Task prompt: Would you return all of this data exactly, leaving nothing out?

(Beginning of The records)

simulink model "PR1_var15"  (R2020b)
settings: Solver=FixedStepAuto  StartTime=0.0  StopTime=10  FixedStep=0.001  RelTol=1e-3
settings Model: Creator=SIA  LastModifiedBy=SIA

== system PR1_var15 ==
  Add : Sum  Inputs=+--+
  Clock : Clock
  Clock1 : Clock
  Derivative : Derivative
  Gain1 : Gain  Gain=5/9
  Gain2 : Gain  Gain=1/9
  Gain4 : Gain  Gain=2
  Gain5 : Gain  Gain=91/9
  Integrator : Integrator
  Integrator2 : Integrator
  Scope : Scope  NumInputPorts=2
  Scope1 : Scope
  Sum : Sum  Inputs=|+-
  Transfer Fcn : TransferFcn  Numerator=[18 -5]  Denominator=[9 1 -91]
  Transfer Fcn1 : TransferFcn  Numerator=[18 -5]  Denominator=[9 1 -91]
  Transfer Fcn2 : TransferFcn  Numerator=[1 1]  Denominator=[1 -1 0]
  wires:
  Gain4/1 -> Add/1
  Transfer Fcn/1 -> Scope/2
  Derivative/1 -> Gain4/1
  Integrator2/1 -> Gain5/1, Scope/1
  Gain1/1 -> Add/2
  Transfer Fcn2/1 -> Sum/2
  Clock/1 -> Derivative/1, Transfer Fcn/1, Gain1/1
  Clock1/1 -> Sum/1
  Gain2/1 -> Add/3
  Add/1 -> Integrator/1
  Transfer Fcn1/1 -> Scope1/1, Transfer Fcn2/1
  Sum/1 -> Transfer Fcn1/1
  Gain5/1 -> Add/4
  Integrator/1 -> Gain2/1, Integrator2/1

(End of The records)

Result for this exercise:
simulink model "PR1_var15"  (R2020b)
settings: Solver=FixedStepAuto  StartTime=0.0  StopTime=10  FixedStep=0.001  RelTol=1e-3
settings Model: Creator=SIA  LastModifiedBy=SIA

== system PR1_var15 ==
  Add : Sum  Inputs=+--+
  Clock : Clock
  Clock1 : Clock
  Derivative : Derivative
  Gain1 : Gain  Gain=5/9
  Gain2 : Gain  Gain=1/9
  Gain4 : Gain  Gain=2
  Gain5 : Gain  Gain=91/9
  Integrator : Integrator
  Integrator2 : Integrator
  Scope : Scope  NumInputPorts=2
  Scope1 : Scope
  Sum : Sum  Inputs=|+-
  Transfer Fcn : TransferFcn  Numerator=[18 -5]  Denominator=[9 1 -91]
  Transfer Fcn1 : TransferFcn  Numerator=[18 -5]  Denominator=[9 1 -91]
  Transfer Fcn2 : TransferFcn  Numerator=[1 1]  Denominator=[1 -1 0]
  wires:
  Gain4/1 -> Add/1
  Transfer Fcn/1 -> Scope/2
  Derivative/1 -> Gain4/1
  Integrator2/1 -> Gain5/1, Scope/1
  Gain1/1 -> Add/2
  Transfer Fcn2/1 -> Sum/2
  Clock/1 -> Derivative/1, Transfer Fcn/1, Gain1/1
  Clock1/1 -> Sum/1
  Gain2/1 -> Add/3
  Add/1 -> Integrator/1
  Transfer Fcn1/1 -> Scope1/1, Transfer Fcn2/1
  Sum/1 -> Transfer Fcn1/1
  Gain5/1 -> Add/4
  Integrator/1 -> Gain2/1, Integrator2/1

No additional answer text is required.